Anyway, anyone had any experience with the 3.0 S5? I know a remap sees 400bhp with them easily?

I also gave mine a polish with poor boys black hole today So couldn't resist a nice shiny picture 8)


----------



## MT-V6 (Jan 11, 2015)

Slightly off topic but is the Black Hole good? I have a few stone chips on mine and normal polish fills them in with white


----------



## Danny1 (Sep 2, 2010)

Gaz78 said:


> So as you may of seen, my TTS is up for sale as we are looking to get a TTRS. However my wife saw a nice S5 with the newer 3.0 V6 supercharged engine and said "should we get one of them as it's more practical?"......im not sure????
> 
> I love the MK2 TT and the fact it's so easy and smallish to drive. We don't have kids to worry about getting in the back, and to be honest it's not that often we need to give people a lift.....although recently I got my 6ft 3 mate in the back whilst I give him a lift home :lol:
> 
> ...


S5 is a nice car, but and the big but, its missing a letter.


----------



## Gaz78 (Mar 15, 2017)

Danny1 said:


> Gaz78 said:
> 
> 
> > So as you may of seen, my TTS is up for sale as we are looking to get a TTRS. However my wife saw a nice S5 with the newer 3.0 V6 supercharged engine and said "should we get one of them as it's more practical?"......im not sure????
> ...


I know


----------



## Gaz78 (Mar 15, 2017)

MT-V6 said:


> Slightly off topic but is the Black Hole good? I have a few stone chips on mine and normal polish fills them in with white


In my opinion it's brilliant. Easy to apply and wipe off without hours of buffing.....not come across anything better yet!

Think a litre bottle cost me £20

Gaz


----------



## chaznik (Mar 27, 2011)

We upgraded from a TT V6 to an S5. We got it as it was more practical than the TT. My wife still misses the small size of the TT as the S5 is rather large...

However...for me it is leagues apart from the TT. The interior. Road prescence and the engine!

Ours is mapped to 411BHP woth a Revo hard intake setup and its an absolute weapon. The noise too is addictive.

Fuel for us is not good...avg approx 18/19 mpg


----------



## Omychron (Sep 9, 2016)

I too am looking to replace the TT by an S5.
Anyone experience with the new 2018 S5?


----------



## Toshiba (Jul 8, 2004)

I have a 2017 one...


----------



## Omychron (Sep 9, 2016)

Toshiba said:


> I have a 2017 one...


Hey Toshiba.
What are your thoughts on the S5, compared to the TT? (I've done a testdrive with a Coupe. Accelerates well, yet feels less "lively" than a TT.)

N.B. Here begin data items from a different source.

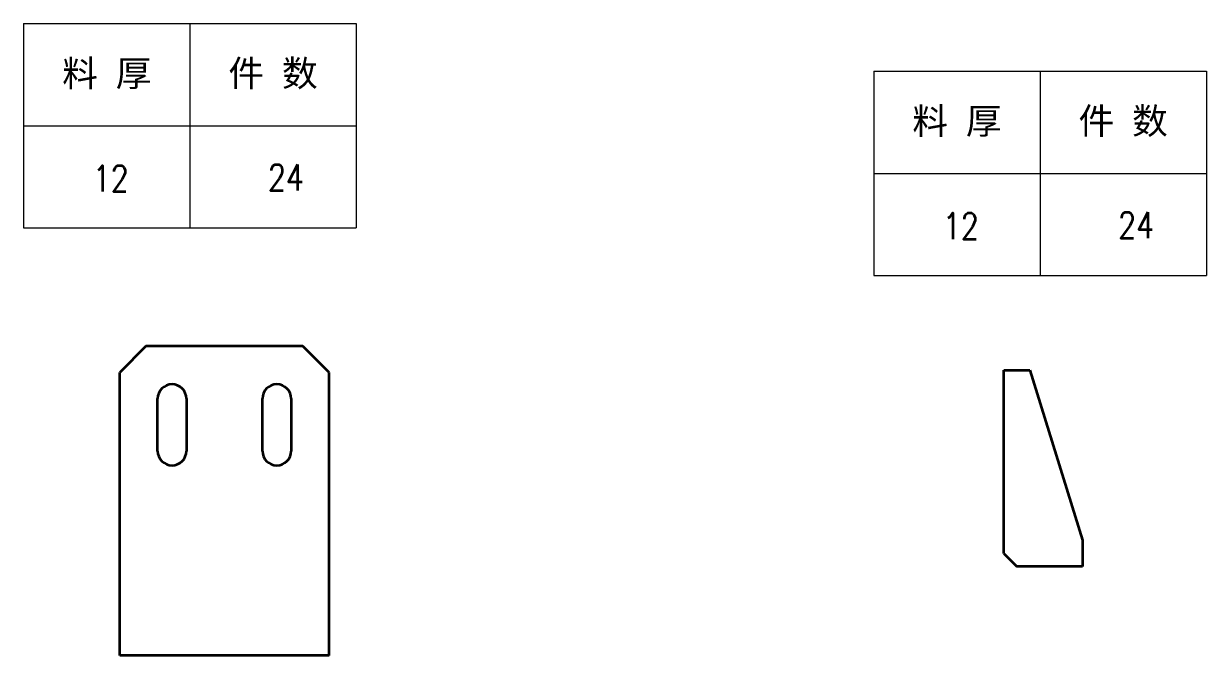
# Model space of a CAD drawing. Extents: x -220 to 67724, y -20866 to 573.
# Drawn here: x -219.5 to 232.1, y 331.7 to 572.9 of the extents above; entities that cross this region are included whole.
import ezdxf
from ezdxf.enums import TextEntityAlignment as Align

# ---------------------------------------------------------------- set-up
doc = ezdxf.new("R2010")
doc.units = 0
doc.layers.get('0').update_dxf_attribs({"lineweight": 13})
doc.layers.add('__5', color=7, linetype='Continuous', lineweight=13)
doc.styles.add('DIM', font='txt.shx', dxfattribs={"width": 0.8, "bigfont": 'bigfont.shx'})
doc.styles.get("Standard").update_dxf_attribs({"font": ''})
doc.styles.get('Standard').set_extended_font_data('SimSun')

# ---------------------------------------------------------------- blocks, each defined once
blk = doc.blocks.new('*T25')
at = {"color": 0, "linetype": 'ByBlock', "lineweight": -2, "transparency": 16777216}
for p, q in [((0, 0), (127, 0)), ((0, 0), (0, -78)), ((63.5, 0), (63.5, -78)), ((127, 0), (127, -78)), ((0, -39), (127, -39)), ((0, -78), (127, -78))]:
    blk.add_line(p, q, dxfattribs=at)
at = {"color": 0, "transparency": 16777216, "char_height": 10, "width": 60.5, "attachment_point": 5}
for s, insert in [('{\\fSimSun|b0|i0|c134|p2;料 厚}', (31.75, -19.5)), ('{\\fSimSun|b0|i0|c134|p2;件 数}', (95.25, -19.5))]:
    blk.add_mtext(s, dxfattribs=dict(at, insert=insert))
blk = doc.blocks.new('拆图参数')
blk.add_blockref('*T25', (-63.5, 78))
at = {"style": 'DIM', "width": 0.8}
blk.add_attdef('6', text='', height=10, dxfattribs=at).set_placement((-37.13, 18.91), align=Align.MIDDLE_LEFT)
blk.add_attdef('1', text='', height=10, dxfattribs=at).set_placement((36.65, 19.27), align=Align.MIDDLE_CENTER)

msp = doc.modelspace()

# ---------------------------------------------------------------- linework, layer by layer
at = {"layer": '__5', "color": 7, "lineweight": 35, "ltscale": 0.176777}
for p, q in [((-172.8708, 449.7415), (-182.8708, 439.7415)), ((-102.8708, 439.7415), (-112.8708, 449.7415))]:
    msp.add_line(p, q, dxfattribs=at)
at = {"layer": '__5', "color": 7, "lineweight": 35}
for p, q in [((-112.8708, 449.7415), (-172.8708, 449.7415)), ((-182.8708, 331.7415), (-182.8708, 439.7415)), ((-102.8708, 331.7415), (-102.8708, 439.7415)), ((154.7569, 370.6483), (154.7569, 440.6483)), ((164.7569, 440.6483), (184.7569, 375.6483))]:
    msp.add_line(p, q, dxfattribs=at)
at = {"layer": '__5', "color": 7, "lineweight": 35, "ltscale": 0.125}
for p, q in [((154.7569, 440.6483), (164.7569, 440.6483)), ((184.7569, 375.6483), (184.7569, 365.6483))]:
    msp.add_line(p, q, dxfattribs=at)
at = {"layer": '__5', "color": 7, "lineweight": 35, "ltscale": 0.25}
for p, q in [((-168.3708, 409.7415), (-168.3708, 429.7415)), ((-157.3708, 429.7415), (-157.3708, 409.7415)), ((-128.3708, 409.7415), (-128.3708, 429.7415)), ((-117.3708, 429.7415), (-117.3708, 409.7415))]:
    msp.add_line(p, q, dxfattribs=at)
at = {"layer": '__5', "color": 7, "lineweight": 35, "ltscale": 0.088388}
msp.add_line((154.7569, 370.6483), (159.7569, 365.6483), dxfattribs=at)
at = {"layer": '__5', "color": 7, "lineweight": 35, "ltscale": 0.3125}
msp.add_line((184.7569, 365.6483), (159.7569, 365.6483), dxfattribs=at)
at = {"layer": '__5', "color": 7, "lineweight": 35, "ltscale": 0.425}
for p, q in [((-148.8709, 331.7415), (-182.8708, 331.7415)), ((-102.8708, 331.7415), (-136.8708, 331.7415))]:
    msp.add_line(p, q, dxfattribs=at)
at = {"layer": '__5', "color": 7, "lineweight": 35, "ltscale": 0.15}
msp.add_line((-136.8708, 331.7415), (-148.8708, 331.7415), dxfattribs=at)
at = {"layer": '__5', "color": 7, "lineweight": 35}
for centre, start, end in [((-162.8708, 429.7415), 0, 180), ((-122.8708, 429.7415), 0, 180), ((-162.8708, 409.7415), 180, 0), ((-122.8708, 409.7415), 180, 0)]:
    msp.add_arc(centre, 5.5, start, end, dxfattribs=at)

# ---------------------------------------------------------------- block references
for p in [(-156.0451, 494.9003), (168.6158, 476.7063)]:
    msp.add_blockref('拆图参数', p).add_auto_attribs({'1': '24', '6': '12'})

doc.saveas('drawing.dxf')

What are your thoughts on options? Things you absolutely recommend? Or instead feel like a waste of money?

Thanks!


----------



## Toshiba (Jul 8, 2004)

I have the Sportback version and i do enjoy driving it more than the TTS.

Options, it's all subjective again. Things i enjoy playing with... HUD, comfort and sound, panoramic roof, folding mirrors, drivers assistance pack, storage pack, VC, parking assistance pack has nice toys too,

Things not so bothered about, electric memory seats - but the car was meant to be shared with the wife but she just uses the TTS now, matrix lights a complete waste of money, flat bottom wheel, multi colour LED light pack, carbon atlas and phonebox,

Heated rear seats to remove the blanks in the rear, but the boys love them.


----------



## Omychron (Sep 9, 2016)

Toshiba said:


> I have the Sportback version and i do enjoy driving it more than the TTS.
> 
> Options, it's all subjective again. Things i enjoy playing with... HUD, comfort and sound, panoramic roof, folding mirrors, drivers assistance pack, storage pack, VC, parking assistance pack has nice toys too,
> 
> ...


Thanks for the info!
Never had Matrix before, but if it's as slow as high beam assist I won't be using it.
The S5 is coming soon, I have basically everything you listed except for the HUD. Hope I won't miss it too much...


----------



## Toshiba (Jul 8, 2004)

Dont forget to post a review/comparison once you have it.
Enjoy!


----------